A live attenuated African swine fever virus (ASFV) vaccine candidate, produced by deletion of several genes belonging to multi-gene families MGF360 and 505 from virulent Benin 97/1 strain (BeninΔMGF), induces protection in pigs against parental virulent strain. In order to better define the safety and efficacy of this attenuated vaccine candidate and to understand protective mechanisms, we extended previous studies by intramuscular immunisation of pigs with the deletion mutant BeninΔMFG at different doses (102, 103, 104 TCID50), together with intranasal immunisation at the 103 dose. Results demonstrated a strong correlation between both doses and routes of immunisation of BeninΔMFG and the percentage of protection achieved, the onset of clinical signs, the viremia levels reached and the onset of death in non-protected pigs. The results show that the intramuscular route using high doses (104 TCID50) is the best option for immunisation. Only transient increase in temperature associated with a peak of virus genome levels was observed in most pigs after immunisation. Then, virus genome levels progressively decreased throughout the experiment until reaching low or undetectable levels in those protected pigs that survived after challenge. The IgM antibody responses following immunisation were detected between day 7–10 post-immunisation and remained at elevated levels for 10–18 days in most pigs before dropping. IgG was detected from day 15 to 21 post-immunisation and maintained at increased levels for the remainder of the experiment in most pigs. Induction of IFNγ and IL-10 was detected by ELISA in sera from some pigs immunised with 103 TCID50 by intramuscular or intranasal route at early times post-immunisation. IL-10 was also detected in serum from some non-protected pigs included in these groups after challenge.

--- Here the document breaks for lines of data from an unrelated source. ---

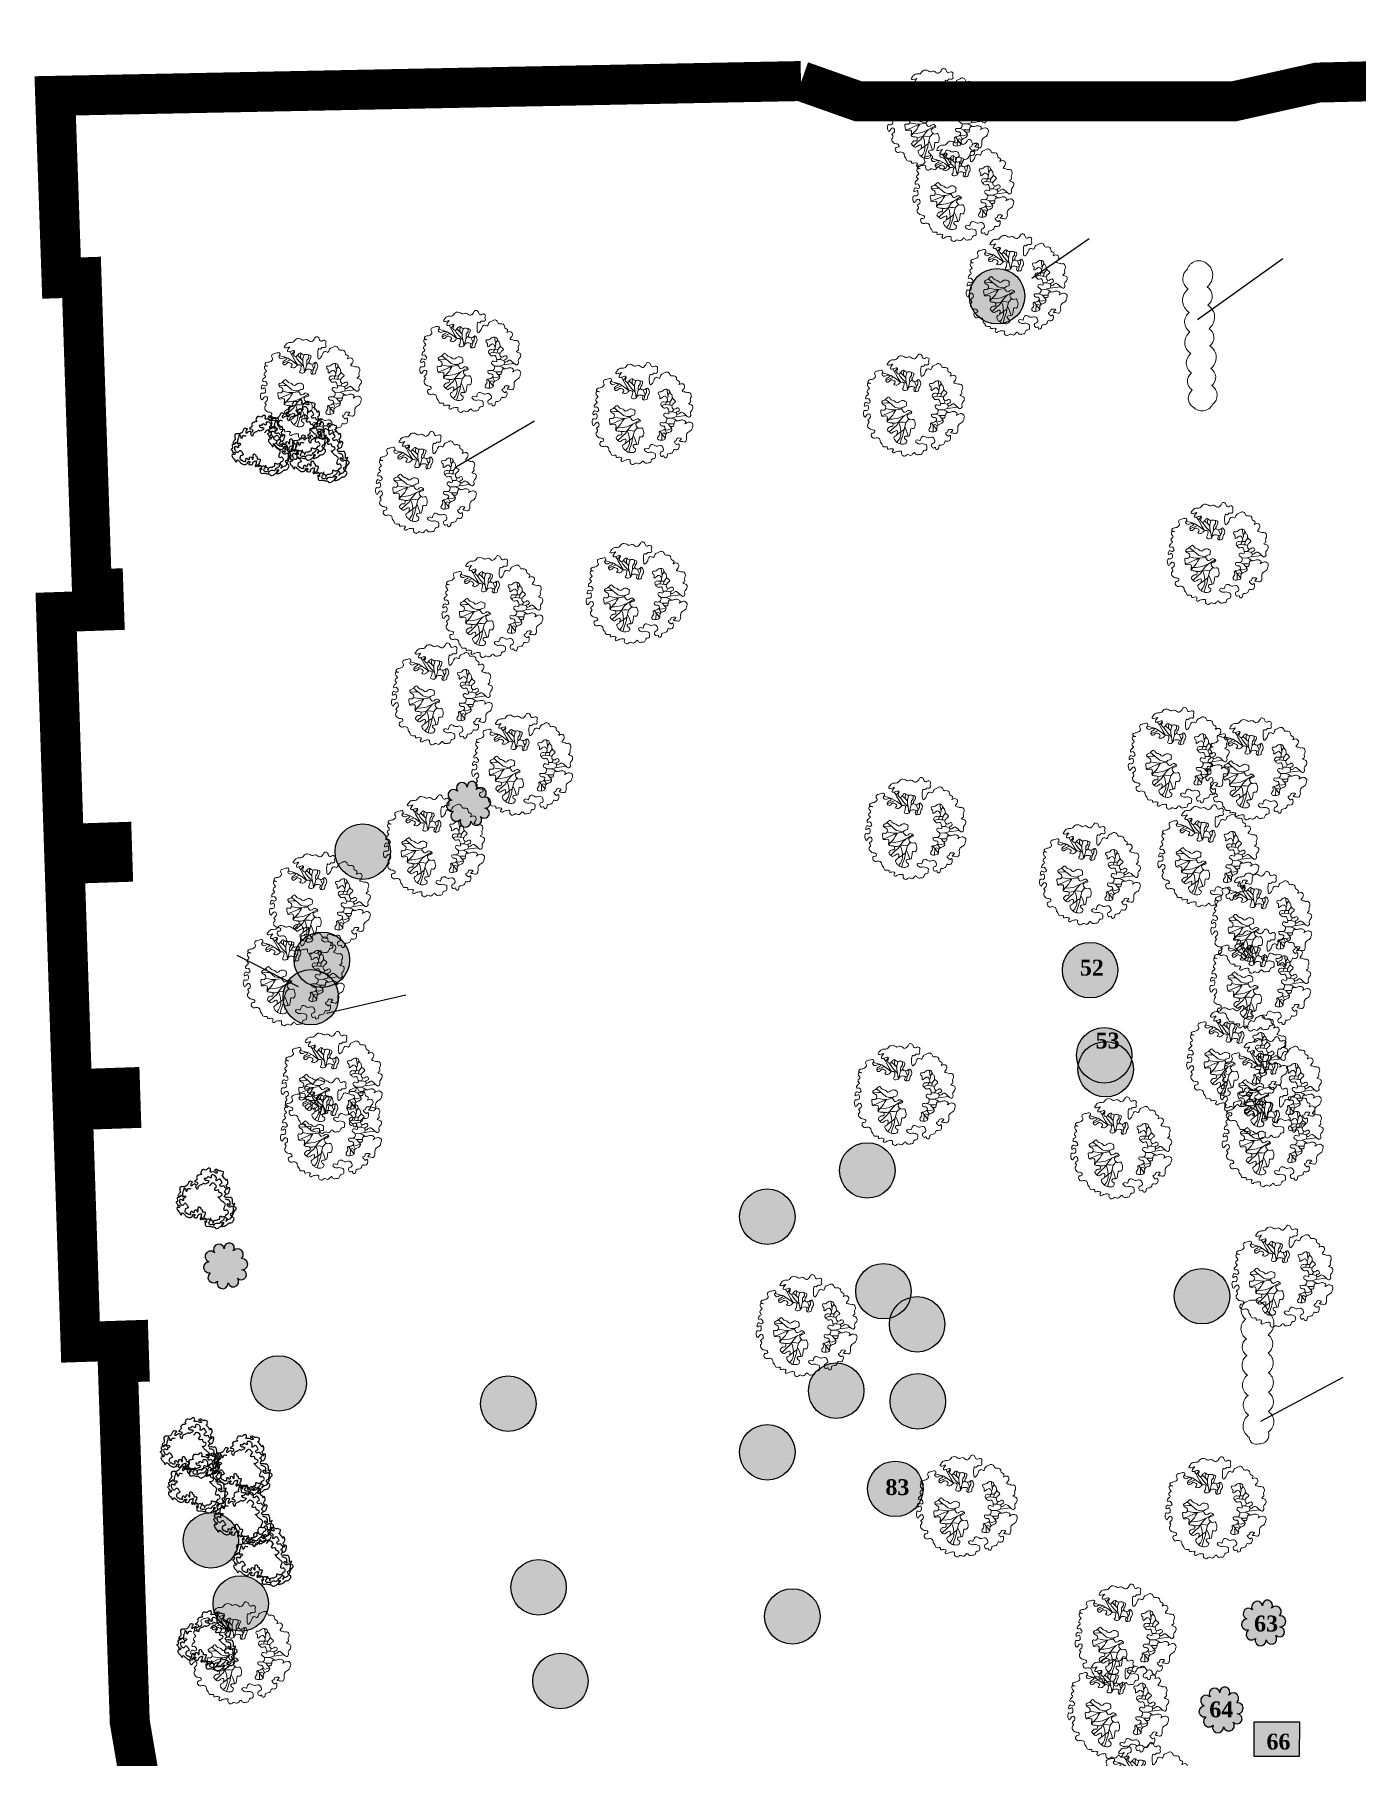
# Model space of a CAD drawing. Header units: metres. Extents: x 180 to 3220, y 13789 to 15035.
# Drawn here: x 705.57 to 738.7, y 14927.81 to 14970.93 of the extents above; entities that cross this region are included whole.
import ezdxf

# ---------------------------------------------------------------- set-up
doc = ezdxf.new("R2010")
doc.units = ezdxf.units.M
doc.header["$MEASUREMENT"] = 0
doc.linetypes.add('482 Границы районов', pattern=[5, 3, -1, 0, -1])
doc.layers.add('!!!_1. Дендра_Аварийка_Номера_выноски', color=20, linetype='Continuous', lineweight=40)
for name, color, linetype in [('!!!_1. Дендра_выноски_сохранить', 7, 'Continuous'), ('!!!_Условные обозначения на ЛИСТ', 7, 'Continuous'), ('04 Дендроплан (существующие растения)', 7, 'Continuous'), ('04 Дендроплан (удаление)', 240, 'Continuous'), ('04 План (существующие кустарники)', 7, 'Continuous'), ('50 Дендроплан - Деревья вырубаемые', 7, 'Continuous')]:
    doc.layers.add(name, color=color, linetype=linetype)
doc.layers.get('50 Дендроплан - Деревья вырубаемые').off()
doc.styles.get("Standard").update_dxf_attribs({"font": 'arial.ttf'})

# ---------------------------------------------------------------- blocks, each defined once
blk = doc.blocks.new('Из_буфера27067')
h = blk.add_hatch(color=250)
h.dxf.hatch_style = 1
h.paths.add_polyline_path([(-0.568, -0.434), (-0.568, 0.437), (0.568, 0.437), (0.562, -0.437)])
at = {"color": 250}
blk.add_lwpolyline([(0.562, -0.437), (-0.568, -0.434), (-0.568, 0.437), (0.568, 0.437)], close=True, dxfattribs=at)
blk = doc.blocks.new('A$C442D7FB9')
at = {"layer": '04 Дендроплан (удаление)', "lineweight": 30}
h = blk.add_hatch(color=0, dxfattribs=at)
h.dxf.hatch_style = 1
edge = h.paths.add_edge_path()
edge.add_arc((0, 0), 0.5, 0, 360)
at = {"layer": '04 Дендроплан (удаление)', "color": 0, "lineweight": 30}
blk.add_circle((0, 0), 0.5, dxfattribs=at)
blk = doc.blocks.new('A$Cb4aaf1f0')
at = {"layer": '04 Дендроплан (удаление)'}
h = blk.add_hatch(color=0, dxfattribs=at)
h.dxf.hatch_style = 1
h.paths.add_polyline_path([(0.394, 0.178), (0.394, 0.178), (0.436, 0.242), (0.436, 0.32), (0.397, 0.387), (0.33, 0.422), (0.253, 0.414), (0.192, 0.37), (0.217, 0.426), (0.211, 0.489), (0.177, 0.539), (0.122, 0.568), (0.06, 0.568), (0.008, 0.54), (-0.026, 0.489), (-0.033, 0.426), (-0.06, 0.49), (-0.116, 0.532), (-0.185, 0.541), (-0.25, 0.515), (-0.293, 0.46), (-0.304, 0.39), (-0.279, 0.326), (-0.339, 0.363), (-0.408, 0.366), (-0.47, 0.333), (-0.508, 0.273), (-0.512, 0.204), (-0.48, 0.14), (-0.423, 0.102), (-0.496, 0.077), (-0.545, 0.018), (-0.555, -0.058), (-0.523, -0.128), (-0.46, -0.17), (-0.383, -0.173), (-0.432, -0.233), (-0.441, -0.309), (-0.41, -0.379), (-0.346, -0.421), (-0.271, -0.424), (-0.203, -0.385), (-0.213, -0.455), (-0.185, -0.52), (-0.131, -0.562), (-0.061, -0.573), (0.004, -0.548), (0.048, -0.493), (0.06, -0.425), (0.093, -0.486), (0.151, -0.524), (0.221, -0.528), (0.283, -0.497), (0.322, -0.44), (0.322, -0.358), (0.298, -0.306), (0.348, -0.343), (0.409, -0.351), (0.467, -0.33), (0.508, -0.284), (0.522, -0.223), (0.506, -0.164), (0.462, -0.119), (0.403, -0.1), (0.48, -0.084), (0.535, -0.03), (0.553, 0.044), (0.53, 0.119), (0.47, 0.168)])
at = {"layer": '04 Дендроплан (удаление)', "flags": 128}
blk.add_lwpolyline([(0.394, 0.178), (0.394, 0.178), (0.436, 0.242), (0.436, 0.32), (0.397, 0.387), (0.33, 0.422), (0.253, 0.414), (0.192, 0.37), (0.217, 0.426), (0.211, 0.489), (0.177, 0.539), (0.122, 0.568), (0.06, 0.568), (0.008, 0.54), (-0.026, 0.489), (-0.033, 0.426), (-0.06, 0.49), (-0.116, 0.532), (-0.185, 0.541), (-0.25, 0.515), (-0.293, 0.46), (-0.304, 0.39), (-0.279, 0.326), (-0.339, 0.363), (-0.408, 0.366), (-0.47, 0.333), (-0.508, 0.273), (-0.512, 0.204), (-0.48, 0.14), (-0.423, 0.102), (-0.496, 0.077), (-0.545, 0.018), (-0.555, -0.058), (-0.523, -0.128), (-0.46, -0.17), (-0.383, -0.173), (-0.432, -0.233), (-0.441, -0.309), (-0.41, -0.379), (-0.346, -0.421), (-0.271, -0.424), (-0.203, -0.385), (-0.213, -0.455), (-0.185, -0.52), (-0.131, -0.562), (-0.061, -0.573), (0.004, -0.548), (0.048, -0.493), (0.06, -0.425), (0.093, -0.486), (0.151, -0.524), (0.221, -0.528), (0.283, -0.497), (0.322, -0.44), (0.322, -0.358), (0.298, -0.306), (0.348, -0.343), (0.409, -0.351), (0.467, -0.33), (0.508, -0.284), (0.522, -0.223), (0.506, -0.164), (0.462, -0.119), (0.403, -0.1), (0.48, -0.084), (0.535, -0.03), (0.553, 0.044), (0.53, 0.119), (0.47, 0.168)], close=True, dxfattribs=at)
blk = doc.blocks.new('Лиственное дерево существующее')
at = {"color": 114, "lineweight": 0}
for p, q in [((-0.799, 1.368), (-0.859, 1.458)), ((-0.782, 1.333), (-0.669, 1.479)), ((-0.427, 1.275), (-0.411, 1.393)), ((-1.275, 1.287), (-1.119, 1.252)), ((-0.829, 1.124), (-1.138, 0.99)), ((-1.119, 1.252), (-0.938, 1.195)), ((-0.938, 1.195), (-0.761, 1.08)), ((-0.751, 1.267), (-0.799, 1.368)), ((-0.761, 1.08), (-0.541, 0.917)), ((-0.639, 1.076), (-0.751, 1.267)), ((-0.541, 0.917), (-0.639, 1.076)), ((-0.62, 1.247), (-0.563, 1.155)), ((-0.563, 1.155), (-0.46, 1.026)), ((-0.403, 1.17), (-0.548, 1.306)), ((-0.46, 1.026), (-0.309, 0.866)), ((-0.415, 1.181), (-0.427, 1.275)), ((-0.334, 1.1), (-0.403, 1.17)), ((-0.337, 1.006), (-0.332, 1.162)), ((-0.309, 0.866), (-0.337, 1.006)), ((-0.332, 1.162), (-0.28, 1.33)), ((-0.285, 0.754), (-0.309, 0.866)), ((-0.266, 0.631), (-0.285, 0.754)), ((-0.266, 0.631), (-0.221, 0.786)), ((-0.221, 0.786), (-0.18, 0.943)), ((-0.183, 1.016), (-0.173, 1.105)), ((-0.18, 0.943), (-0.183, 1.016)), ((-0.18, 0.943), (-0.086, 1.015)), ((-0.173, 1.105), (-0.103, 1.192)), ((-0.103, 1.192), (-0.105, 1.321)), ((0.011, 0.712), (0.08, 0.738)), ((0.058, 0.845), (0.018, 0.955)), ((0.098, 0.768), (0.058, 0.845)), ((0.067, 0.65), (0.08, 0.738)), ((0.08, 0.738), (0.145, 0.845)), ((0.145, 0.845), (0.151, 1.018)), ((1.012, 0.68), (0.961, 0.98)), ((1.002, 0.737), (1.083, 0.859)), ((-1.081, 0.093), (-1.287, 0.08)), ((-0.976, 0.096), (-1.147, 0.235)), ((-0.973, 0.093), (-1.081, 0.093)), ((-0.885, 0.021), (-0.976, 0.096)), ((-0.772, -0.073), (-0.885, 0.021)), ((0.027, 0.553), (0.067, 0.65)), ((0.748, 0.317), (0.854, 0.368)), ((0.854, 0.368), (1.012, 0.353)), ((0.912, 0.363), (0.952, 0.477)), ((1.088, 0.479), (0.952, 0.477)), ((0.98, 0.595), (1.012, 0.68)), ((1.012, 0.353), (1.103, 0.344)), ((1.044, 0.078), (1.18, 0.078)), ((1.088, 0.479), (1.064, 0.348)), ((1.191, 0.617), (1.088, 0.479)), ((1.103, 0.344), (1.176, 0.338)), ((1.18, 0.078), (1.236, 0.183)), ((1.18, 0.078), (1.336, 0.043)), ((-1.169, -0.374), (-1.309, -0.418)), ((-0.931, -0.27), (-1.169, -0.374)), ((-1.091, -0.147), (-1.147, -0.134)), ((-0.91, -0.179), (-1.091, -0.147)), ((-0.95, -0.489), (-1.084, -0.647)), ((-0.882, -0.56), (-1.076, -0.551)), ((-0.86, -0.395), (-0.95, -0.489)), ((-0.739, -0.188), (-0.931, -0.27)), ((-0.739, -0.188), (-0.91, -0.179)), ((-0.641, -0.519), (-0.882, -0.56)), ((-0.821, -0.312), (-0.86, -0.395)), ((-0.739, -0.188), (-0.821, -0.312)), ((-0.638, -0.11), (-0.772, -0.073)), ((-0.624, -0.681), (-0.75, -0.714)), ((-0.5, -0.151), (-0.739, -0.188)), ((-0.624, -0.681), (-0.699, -0.796)), ((-0.386, -0.406), (-0.641, -0.519)), ((-0.489, -0.116), (-0.638, -0.11)), ((-0.514, -0.534), (-0.624, -0.681)), ((-0.525, -0.67), (-0.624, -0.681)), ((-0.624, -0.681), (-0.572, -0.807)), ((-0.427, -0.678), (-0.525, -0.67)), ((-0.386, -0.406), (-0.514, -0.534)), ((-0.335, -0.691), (-0.427, -0.678)), ((-0.113, -0.252), (-0.386, -0.406)), ((-0.212, -0.551), (-0.335, -0.691)), ((0.87, -0.356), (1.013, -0.408)), ((0.873, -0.622), (0.961, -0.786)), ((0.873, -0.622), (0.993, -0.651)), ((0.953, -0.18), (1.158, -0.176)), ((0.993, -0.651), (1.163, -0.596)), ((1.013, -0.408), (1.247, -0.408)), ((1.013, -0.408), (1.096, -0.512)), ((1.158, -0.176), (1.317, -0.128)), ((1.158, -0.176), (1.267, -0.218)), ((1.267, -0.218), (1.367, -0.287)), ((1.317, -0.128), (1.739, -0.074)), ((1.328, -0.127), (1.373, -0.019)), ((-0.804, -0.883), (-0.997, -1.067)), ((-0.75, -0.714), (-0.864, -0.716)), ((-0.699, -0.796), (-0.804, -0.883)), ((-0.629, -1.132), (-0.696, -1.173)), ((-0.532, -1.058), (-0.629, -1.132)), ((-0.566, -1.298), (-0.622, -1.395)), ((-0.572, -0.807), (-0.55, -0.923)), ((-0.535, -1.187), (-0.566, -1.298)), ((-0.515, -1.373), (-0.564, -1.545)), ((-0.55, -0.923), (-0.535, -1.06)), ((-0.535, -1.06), (-0.535, -1.187)), ((-0.408, -0.969), (-0.532, -1.058)), ((-0.47, -1.242), (-0.515, -1.373)), ((-0.422, -1.093), (-0.47, -1.242)), ((-0.408, -0.969), (-0.422, -1.093)), ((-0.335, -0.691), (-0.408, -0.969)), ((-0.381, -0.865), (-0.316, -0.99)), ((-0.316, -0.99), (-0.275, -1.107)), ((-0.275, -1.107), (-0.238, -1.23)), ((0.682, -0.698), (0.762, -0.798)), ((0.762, -0.798), (0.755, -1.059)), ((0.762, -0.798), (0.835, -0.77)), ((0.762, -0.798), (0.907, -0.988)), ((0.835, -0.77), (0.929, -0.824)), ((-0.622, -1.395), (-0.691, -1.474))]:
    blk.add_line(p, q, dxfattribs=at)
for points, knots in [([(-1.863, -0.802), (-1.881, -0.757), (-1.747, -0.684), (-1.911, -0.574), (-1.692, -0.517), (-1.79, -0.294), (-1.907, -0.385), (-1.984, -0.55), (-2.059, -0.321), (-1.999, -0.175), (-1.894, -0.235), (-1.819, -0.16), (-1.828, -0.083), (-1.849, 0.055), (-2.007, -0.094), (-1.999, 0.047), (-1.938, 0.153), (-1.832, 0.046), (-1.733, 0.144), (-1.793, 0.214), (-1.838, 0.303), (-1.955, 0.22), (-1.946, 0.341), (-1.898, 0.392), (-1.788, 0.464), (-1.907, 0.519), (-1.872, 0.623), (-1.76, 0.663), (-1.864, 0.745), (-1.889, 0.84), (-1.824, 0.904), (-1.659, 0.854), (-1.891, 0.903), (-1.808, 1.034), (-1.683, 1.022), (-1.589, 1.081), (-1.522, 1.172), (-1.609, 1.251), (-1.548, 1.37), (-1.423, 1.371), (-1.266, 1.445), (-1.233, 1.311), (-1.326, 1.255), (-1.263, 1.188), (-1.194, 1.144), (-1.114, 1.199), (-1.035, 1.222), (-0.951, 1.163), (-1.052, 1.106), (-1.123, 1.075), (-1.151, 0.983), (-1.088, 0.91), (-0.99, 0.942), (-0.937, 1.041), (-0.833, 0.999), (-0.758, 0.957), (-0.756, 0.875), (-0.858, 0.837), (-0.695, 0.783), (-0.611, 0.852), (-0.527, 0.951), (-0.375, 0.902), (-0.426, 0.79), (-0.418, 0.708), (-0.488, 0.654), (-0.425, 0.592), (-0.354, 0.593), (-0.251, 0.613), (-0.225, 0.746), (-0.105, 0.754), (0.053, 0.733), (-0.044, 0.628), (0.019, 0.538), (0.099, 0.557), (0.195, 0.575), (0.173, 0.707), (0.273, 0.796), (0.262, 0.925), (0.181, 1.071), (0.093, 0.951), (-0.002, 0.952), (-0.083, 0.981), (-0.098, 1.072), (-0.033, 1.146), (0.02, 1.288), (-0.113, 1.322), (-0.213, 1.354), (-0.344, 1.304), (-0.427, 1.44), (-0.522, 1.344), (-0.56, 1.288), (-0.617, 1.228), (-0.671, 1.281), (-0.73, 1.337), (-0.664, 1.401), (-0.662, 1.525), (-0.806, 1.471), (-0.975, 1.423), (-0.933, 1.56), (-0.796, 1.69), (-0.974, 1.592), (-1.114, 1.604), (-1.027, 1.718), (-0.966, 1.811), (-0.835, 1.824), (-0.696, 1.818), (-0.625, 1.999), (-0.435, 1.978), (-0.317, 1.874), (-0.169, 1.993), (-0.037, 1.791), (0.118, 1.927), (0.171, 2.072), (0.331, 2.017), (0.32, 1.881), (0.433, 1.862), (0.5, 1.939), (0.63, 1.849), (0.551, 1.757), (0.61, 1.682), (0.54, 1.583), (0.423, 1.658), (0.38, 1.528), (0.285, 1.601), (0.255, 1.442), (0.259, 1.344), (0.267, 1.066), (0.442, 1.277), (0.452, 1.397), (0.554, 1.491), (0.691, 1.367), (0.706, 1.583), (0.847, 1.604), (0.949, 1.69), (1.08, 1.634), (1.107, 1.482), (1.251, 1.539), (1.364, 1.464), (1.332, 1.318), (1.543, 1.296), (1.4, 1.122), (1.6, 1.263), (1.746, 1.049), (1.497, 0.884), (1.694, 0.879), (1.77, 0.828), (1.885, 0.882), (1.984, 0.691), (1.87, 0.579), (1.951, 0.461), (1.781, 0.392), (1.935, 0.365), (2.026, 0.299), (1.993, 0.151), (1.874, 0.063), (1.942, -0.057), (1.852, -0.164), (1.705, -0.058), (1.57, 0.123), (1.46, -0.006), (1.368, -0.037), (1.309, 0.063), (1.418, 0.081), (1.488, 0.156), (1.387, 0.288), (1.293, 0.151), (1.168, 0.211), (1.158, 0.338), (1.232, 0.414), (1.37, 0.508), (1.152, 0.589), (1.19, 0.754), (1.08, 0.827), (1.07, 0.942), (0.965, 0.989), (0.834, 0.976), (0.764, 0.841), (0.611, 0.902), (0.608, 0.768), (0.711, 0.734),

机译:通过从强毒贝宁97/1品系(BeninΔMGF)中删除多个属于多基因家族MGF360和505的基因产生的减毒非洲猪瘟活疫苗(ASFV)候选疫苗,可诱导猪对亲本强毒株的保护。为了更好地确定这种减毒候选疫苗的安全性和有效性并了解保护机制,我们通过用不同剂量(10 2 ,10 < sup> 3 ,10 4 TCID50)以及10 3 剂量的鼻内免疫。结果表明,贝宁ΔMFG的剂量和免疫途径与获得保护的百分比,临床体征的发作,达到的病毒血症水平和未受保护的猪的死亡之间都具有很强的相关性。结果表明,高剂量(10 4 TCID50)的肌内途径是免疫的最佳选择。免疫后大多数猪只观察到与病毒基因组水平峰值相关的温度的短暂升高。然后,病毒基因组水平在整个实验过程中逐渐降低,直到在攻击后存活的受保护猪中达到低水平或无法检测到。在免疫后7-10天之间检测到免疫后的IgM抗体反应,并且在下降之前,大多数猪的IgM抗体水平在升高的水平下保持10-18天。从免疫后第15天到第21天检测到IgG,在其余实验中,大多数猪的IgG保持在升高的水平。在免疫后早期,通过肌内或鼻内途径用10 3 TCID50免疫的一些猪的血清中通过ELISA检测了IFNγ和IL-10的诱导。攻击后,在这些组中包括的一些未保护的猪的血清中也检测到IL-10。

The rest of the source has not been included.